Load/Store, masked set and counting operations #2430

mazimkhan · 2025-01-06T16:10:06Z

Introduces:

variants of load and store operations including masked variants (MaskedLoadU, LoadHigher, StoreTruncated)
Counting functions to find information about the data in each lane of a vector (MaskedLeadingZeroCountOrZero, AllOnes, AllZeros)
Masked vector instantiation operations (SetOr, SetOrZero).

"OrZero" operations will return zero where the mask is false whereas standard masking returns the corresponding lane of a passed vector.

All introduced operations are implemented in generic_ops-inl.h and in arm_sve-inl.h where there is a performance gain to be made. Testing is also performed for all new operations.

google-cla · 2025-01-06T16:10:11Z

Thanks for your pull request! It looks like this may be your first contribution to a Google open source project.
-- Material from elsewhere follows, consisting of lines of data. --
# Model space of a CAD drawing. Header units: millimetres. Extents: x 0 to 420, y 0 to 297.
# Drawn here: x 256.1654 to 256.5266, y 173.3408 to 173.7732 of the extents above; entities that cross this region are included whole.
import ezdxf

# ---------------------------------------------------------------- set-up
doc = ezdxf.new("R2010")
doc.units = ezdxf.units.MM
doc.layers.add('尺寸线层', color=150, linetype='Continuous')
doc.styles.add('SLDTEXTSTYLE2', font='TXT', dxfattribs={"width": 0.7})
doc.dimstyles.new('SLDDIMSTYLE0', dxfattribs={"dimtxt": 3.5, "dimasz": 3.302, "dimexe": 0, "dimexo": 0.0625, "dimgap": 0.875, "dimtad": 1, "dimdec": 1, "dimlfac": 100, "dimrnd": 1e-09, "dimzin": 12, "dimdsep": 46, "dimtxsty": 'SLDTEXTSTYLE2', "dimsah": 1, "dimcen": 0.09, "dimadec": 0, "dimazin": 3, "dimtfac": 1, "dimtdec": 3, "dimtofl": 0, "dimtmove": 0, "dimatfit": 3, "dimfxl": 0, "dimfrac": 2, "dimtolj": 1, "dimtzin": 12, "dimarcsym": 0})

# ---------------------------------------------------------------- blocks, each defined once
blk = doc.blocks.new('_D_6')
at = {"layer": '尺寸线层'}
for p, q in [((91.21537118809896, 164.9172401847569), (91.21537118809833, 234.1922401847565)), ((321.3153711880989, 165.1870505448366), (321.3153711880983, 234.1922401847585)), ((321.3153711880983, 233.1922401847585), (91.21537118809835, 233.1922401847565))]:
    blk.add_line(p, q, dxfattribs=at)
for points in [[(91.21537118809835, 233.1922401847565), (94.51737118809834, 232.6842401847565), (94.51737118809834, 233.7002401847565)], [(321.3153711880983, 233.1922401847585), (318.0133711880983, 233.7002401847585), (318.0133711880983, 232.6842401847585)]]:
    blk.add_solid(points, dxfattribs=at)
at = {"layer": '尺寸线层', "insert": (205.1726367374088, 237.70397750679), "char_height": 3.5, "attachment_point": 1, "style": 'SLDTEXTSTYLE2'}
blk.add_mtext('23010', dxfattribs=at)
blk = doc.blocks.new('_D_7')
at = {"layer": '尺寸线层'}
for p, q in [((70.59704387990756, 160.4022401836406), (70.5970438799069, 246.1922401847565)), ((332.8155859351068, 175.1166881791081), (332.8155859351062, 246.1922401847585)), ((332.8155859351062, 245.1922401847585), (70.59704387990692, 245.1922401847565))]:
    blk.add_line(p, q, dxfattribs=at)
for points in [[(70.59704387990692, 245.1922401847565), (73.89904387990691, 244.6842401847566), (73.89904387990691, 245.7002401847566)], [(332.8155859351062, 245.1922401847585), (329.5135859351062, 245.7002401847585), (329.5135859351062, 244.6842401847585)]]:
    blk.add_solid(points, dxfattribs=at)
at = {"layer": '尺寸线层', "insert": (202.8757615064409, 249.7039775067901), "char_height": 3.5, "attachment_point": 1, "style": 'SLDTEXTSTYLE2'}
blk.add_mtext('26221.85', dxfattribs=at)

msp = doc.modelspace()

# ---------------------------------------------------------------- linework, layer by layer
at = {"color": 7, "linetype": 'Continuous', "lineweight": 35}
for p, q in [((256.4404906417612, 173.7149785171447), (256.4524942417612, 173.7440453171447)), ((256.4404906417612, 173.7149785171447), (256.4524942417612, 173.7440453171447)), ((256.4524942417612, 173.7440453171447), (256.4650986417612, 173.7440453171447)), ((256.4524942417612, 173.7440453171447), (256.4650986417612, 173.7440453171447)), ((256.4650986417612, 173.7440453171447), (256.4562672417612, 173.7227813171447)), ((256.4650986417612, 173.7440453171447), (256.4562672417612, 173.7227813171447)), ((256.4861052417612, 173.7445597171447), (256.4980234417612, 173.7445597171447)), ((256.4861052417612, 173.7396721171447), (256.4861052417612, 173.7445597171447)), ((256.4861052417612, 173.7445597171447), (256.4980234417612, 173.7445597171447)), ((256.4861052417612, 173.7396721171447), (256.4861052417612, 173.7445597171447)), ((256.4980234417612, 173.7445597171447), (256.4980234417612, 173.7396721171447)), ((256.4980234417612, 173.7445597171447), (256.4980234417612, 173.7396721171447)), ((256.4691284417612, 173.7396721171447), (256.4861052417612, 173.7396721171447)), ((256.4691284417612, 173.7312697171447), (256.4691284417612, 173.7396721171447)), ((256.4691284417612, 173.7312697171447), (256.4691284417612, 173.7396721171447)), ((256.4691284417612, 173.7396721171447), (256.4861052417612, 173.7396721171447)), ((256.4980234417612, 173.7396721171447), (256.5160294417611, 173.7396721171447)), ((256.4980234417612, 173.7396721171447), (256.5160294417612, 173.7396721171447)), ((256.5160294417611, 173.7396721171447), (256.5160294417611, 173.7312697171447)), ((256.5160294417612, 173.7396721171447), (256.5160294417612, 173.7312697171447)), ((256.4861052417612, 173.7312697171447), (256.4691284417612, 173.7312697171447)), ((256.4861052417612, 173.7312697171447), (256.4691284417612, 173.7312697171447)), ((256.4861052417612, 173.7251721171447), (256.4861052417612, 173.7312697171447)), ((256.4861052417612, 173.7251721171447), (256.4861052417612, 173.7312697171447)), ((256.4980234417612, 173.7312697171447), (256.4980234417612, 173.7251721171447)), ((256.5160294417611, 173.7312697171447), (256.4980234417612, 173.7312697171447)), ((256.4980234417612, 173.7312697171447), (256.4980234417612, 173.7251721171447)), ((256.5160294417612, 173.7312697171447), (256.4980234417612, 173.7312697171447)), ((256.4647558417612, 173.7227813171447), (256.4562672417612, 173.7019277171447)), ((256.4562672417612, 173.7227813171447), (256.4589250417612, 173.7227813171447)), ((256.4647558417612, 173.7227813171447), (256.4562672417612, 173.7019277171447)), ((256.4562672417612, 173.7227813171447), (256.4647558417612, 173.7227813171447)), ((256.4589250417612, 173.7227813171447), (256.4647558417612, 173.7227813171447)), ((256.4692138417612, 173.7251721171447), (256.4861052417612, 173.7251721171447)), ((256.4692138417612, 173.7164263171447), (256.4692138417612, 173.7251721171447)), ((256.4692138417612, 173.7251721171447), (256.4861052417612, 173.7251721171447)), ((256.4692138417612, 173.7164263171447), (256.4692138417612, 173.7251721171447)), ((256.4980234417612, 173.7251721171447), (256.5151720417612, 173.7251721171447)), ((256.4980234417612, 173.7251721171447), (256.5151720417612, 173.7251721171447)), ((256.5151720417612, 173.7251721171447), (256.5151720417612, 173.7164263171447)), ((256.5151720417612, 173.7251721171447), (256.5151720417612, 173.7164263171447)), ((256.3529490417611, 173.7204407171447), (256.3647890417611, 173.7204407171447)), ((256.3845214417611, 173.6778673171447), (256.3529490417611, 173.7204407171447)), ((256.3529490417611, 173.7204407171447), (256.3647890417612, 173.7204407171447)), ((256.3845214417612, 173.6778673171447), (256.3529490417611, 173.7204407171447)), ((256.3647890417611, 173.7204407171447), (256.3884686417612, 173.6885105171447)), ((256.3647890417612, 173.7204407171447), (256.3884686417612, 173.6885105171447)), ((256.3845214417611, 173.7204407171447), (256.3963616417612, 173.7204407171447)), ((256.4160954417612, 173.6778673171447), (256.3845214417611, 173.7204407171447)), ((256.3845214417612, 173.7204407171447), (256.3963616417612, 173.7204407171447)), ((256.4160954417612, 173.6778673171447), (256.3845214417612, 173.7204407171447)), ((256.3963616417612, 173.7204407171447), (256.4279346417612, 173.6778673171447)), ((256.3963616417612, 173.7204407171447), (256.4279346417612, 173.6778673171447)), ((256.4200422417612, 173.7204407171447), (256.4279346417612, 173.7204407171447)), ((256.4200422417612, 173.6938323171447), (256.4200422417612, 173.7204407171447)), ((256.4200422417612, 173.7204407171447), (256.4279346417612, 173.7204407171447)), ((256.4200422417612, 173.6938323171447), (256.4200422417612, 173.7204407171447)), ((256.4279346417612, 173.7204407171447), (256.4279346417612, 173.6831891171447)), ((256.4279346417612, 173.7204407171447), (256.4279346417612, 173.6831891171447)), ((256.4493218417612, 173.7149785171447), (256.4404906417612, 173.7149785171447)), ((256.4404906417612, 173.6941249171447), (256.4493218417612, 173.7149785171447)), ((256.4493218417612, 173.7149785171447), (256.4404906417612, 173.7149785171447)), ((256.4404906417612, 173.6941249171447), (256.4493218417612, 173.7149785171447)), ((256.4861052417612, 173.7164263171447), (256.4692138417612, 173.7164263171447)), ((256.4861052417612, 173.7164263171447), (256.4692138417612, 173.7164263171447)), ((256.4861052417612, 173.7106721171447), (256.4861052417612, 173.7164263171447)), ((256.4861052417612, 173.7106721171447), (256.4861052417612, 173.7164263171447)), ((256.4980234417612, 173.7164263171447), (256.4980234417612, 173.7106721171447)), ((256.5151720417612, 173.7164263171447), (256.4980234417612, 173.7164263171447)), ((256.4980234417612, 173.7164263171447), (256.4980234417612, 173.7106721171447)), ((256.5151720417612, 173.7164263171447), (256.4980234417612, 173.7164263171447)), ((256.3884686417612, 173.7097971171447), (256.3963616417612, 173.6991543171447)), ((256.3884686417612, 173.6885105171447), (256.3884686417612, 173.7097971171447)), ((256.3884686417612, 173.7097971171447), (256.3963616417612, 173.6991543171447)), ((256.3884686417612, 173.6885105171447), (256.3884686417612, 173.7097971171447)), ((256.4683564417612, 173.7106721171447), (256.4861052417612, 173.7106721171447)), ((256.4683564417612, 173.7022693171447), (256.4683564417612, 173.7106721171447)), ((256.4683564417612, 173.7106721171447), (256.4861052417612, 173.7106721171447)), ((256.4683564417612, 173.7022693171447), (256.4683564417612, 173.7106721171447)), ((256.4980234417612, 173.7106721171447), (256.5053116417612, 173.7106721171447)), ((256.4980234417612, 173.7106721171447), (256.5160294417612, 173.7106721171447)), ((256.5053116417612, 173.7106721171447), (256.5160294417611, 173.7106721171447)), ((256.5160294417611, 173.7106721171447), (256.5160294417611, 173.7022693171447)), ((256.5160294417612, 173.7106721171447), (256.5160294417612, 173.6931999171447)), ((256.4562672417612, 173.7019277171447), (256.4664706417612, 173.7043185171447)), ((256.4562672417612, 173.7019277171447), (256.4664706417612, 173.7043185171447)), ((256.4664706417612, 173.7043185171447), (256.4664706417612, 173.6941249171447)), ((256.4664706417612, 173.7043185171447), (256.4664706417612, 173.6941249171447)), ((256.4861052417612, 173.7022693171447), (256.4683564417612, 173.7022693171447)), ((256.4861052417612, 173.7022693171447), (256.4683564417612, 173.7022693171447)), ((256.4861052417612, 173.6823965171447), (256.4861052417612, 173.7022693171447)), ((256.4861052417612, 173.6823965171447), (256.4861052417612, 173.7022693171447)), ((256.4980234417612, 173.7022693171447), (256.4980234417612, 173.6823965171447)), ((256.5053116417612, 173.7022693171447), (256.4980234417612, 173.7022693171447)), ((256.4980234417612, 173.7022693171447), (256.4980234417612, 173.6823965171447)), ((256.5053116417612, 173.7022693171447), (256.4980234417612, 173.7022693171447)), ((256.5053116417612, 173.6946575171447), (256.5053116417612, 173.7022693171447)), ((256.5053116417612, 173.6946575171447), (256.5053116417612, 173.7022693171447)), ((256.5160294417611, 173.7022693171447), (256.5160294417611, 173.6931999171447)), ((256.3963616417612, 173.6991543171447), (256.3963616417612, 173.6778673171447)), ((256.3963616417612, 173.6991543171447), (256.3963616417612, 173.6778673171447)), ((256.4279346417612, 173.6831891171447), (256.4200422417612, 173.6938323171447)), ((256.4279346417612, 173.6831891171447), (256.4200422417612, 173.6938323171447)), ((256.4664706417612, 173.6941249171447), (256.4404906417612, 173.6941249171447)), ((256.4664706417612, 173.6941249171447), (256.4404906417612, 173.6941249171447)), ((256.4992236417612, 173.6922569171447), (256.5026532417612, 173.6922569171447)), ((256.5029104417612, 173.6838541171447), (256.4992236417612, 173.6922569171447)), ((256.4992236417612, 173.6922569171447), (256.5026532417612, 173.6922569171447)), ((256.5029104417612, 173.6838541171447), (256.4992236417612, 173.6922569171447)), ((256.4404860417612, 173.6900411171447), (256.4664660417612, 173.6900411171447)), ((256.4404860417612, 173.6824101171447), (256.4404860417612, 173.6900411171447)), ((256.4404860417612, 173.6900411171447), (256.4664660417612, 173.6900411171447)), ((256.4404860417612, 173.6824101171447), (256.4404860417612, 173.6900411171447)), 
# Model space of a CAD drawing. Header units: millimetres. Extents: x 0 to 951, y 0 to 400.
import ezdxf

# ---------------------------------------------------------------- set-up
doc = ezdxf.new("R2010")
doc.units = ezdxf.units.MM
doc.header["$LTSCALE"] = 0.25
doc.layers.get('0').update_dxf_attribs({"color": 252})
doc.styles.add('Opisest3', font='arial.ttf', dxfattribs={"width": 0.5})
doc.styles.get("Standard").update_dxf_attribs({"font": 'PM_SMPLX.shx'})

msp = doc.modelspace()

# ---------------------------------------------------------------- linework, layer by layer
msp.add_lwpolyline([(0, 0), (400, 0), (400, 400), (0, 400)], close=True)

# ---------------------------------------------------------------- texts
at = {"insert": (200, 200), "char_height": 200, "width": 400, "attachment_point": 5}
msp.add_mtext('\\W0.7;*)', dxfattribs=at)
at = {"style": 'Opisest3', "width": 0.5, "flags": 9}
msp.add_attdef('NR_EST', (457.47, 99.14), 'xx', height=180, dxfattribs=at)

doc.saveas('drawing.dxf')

Before we can look at your pull request, you'll need to sign a Contributor License Agreement (CLA).

View this failed invocation of the CLA check for more information.

For the most up to date status, view the checks section at the bottom of the pull request.

jan-wassenberg · 2025-01-06T16:57:46Z

g3doc/quick_reference.md

@@ -429,6 +429,10 @@ for comparisons, for example `Lt` instead of `operator<`.
    the result, with `t0` in the least-significant (lowest-indexed) lane of each
    128-bit block and `tK` in the most-significant (highest-indexed) lane of
    each 128-bit block: `{t0, t1, ..., tK}`
+*   <code>V **SetOr**(V no, M m, T a)</code>: returns N-lane vector with lane


How about renaming to MaskedSetOr() and MaskedSet()?

jan-wassenberg · 2025-01-06T16:59:02Z

g3doc/quick_reference.md

@@ -1029,6 +1037,12 @@ Per-lane variable shifts (slow if SSSE3/SSE4, or 16-bit, or Shr i64 on AVX2):
    ```HighestValue<MakeSigned<TFromV<V>>>()``` is returned in the
    corresponding result lanes.

+*   <code>bool **AllOnes**(D, V v)</code>: returns whether all bits in `v[i]`


It could be understood that this checks if all lane values are 1.0. Would AllBits1 or AllBitsOne be more clear? Same below.

jan-wassenberg · 2025-01-06T17:00:00Z

g3doc/quick_reference.md

@@ -1508,6 +1522,9 @@ aligned memory at indices which are not a multiple of the vector length):

 *   <code>Vec&lt;D&gt; **LoadU**(D, const T* p)</code>: returns `p[i]`.

+*   <code>Vec&lt;D&gt; **MaskedLoadU**(D, M m, const T* p)</code>: returns `p[i]`


MaskedLoad already exists for this purpose, we can remove this :) Note that all the load ops except Load() itself do not require alignment.

jan-wassenberg · 2025-01-06T17:01:58Z

g3doc/quick_reference.md

@@ -1538,6 +1555,10 @@ aligned memory at indices which are not a multiple of the vector length):
    lanes from `p` to the first (lowest-index) lanes of the result vector and
    fills the remaining lanes with `no`. Like LoadN, this does not fault.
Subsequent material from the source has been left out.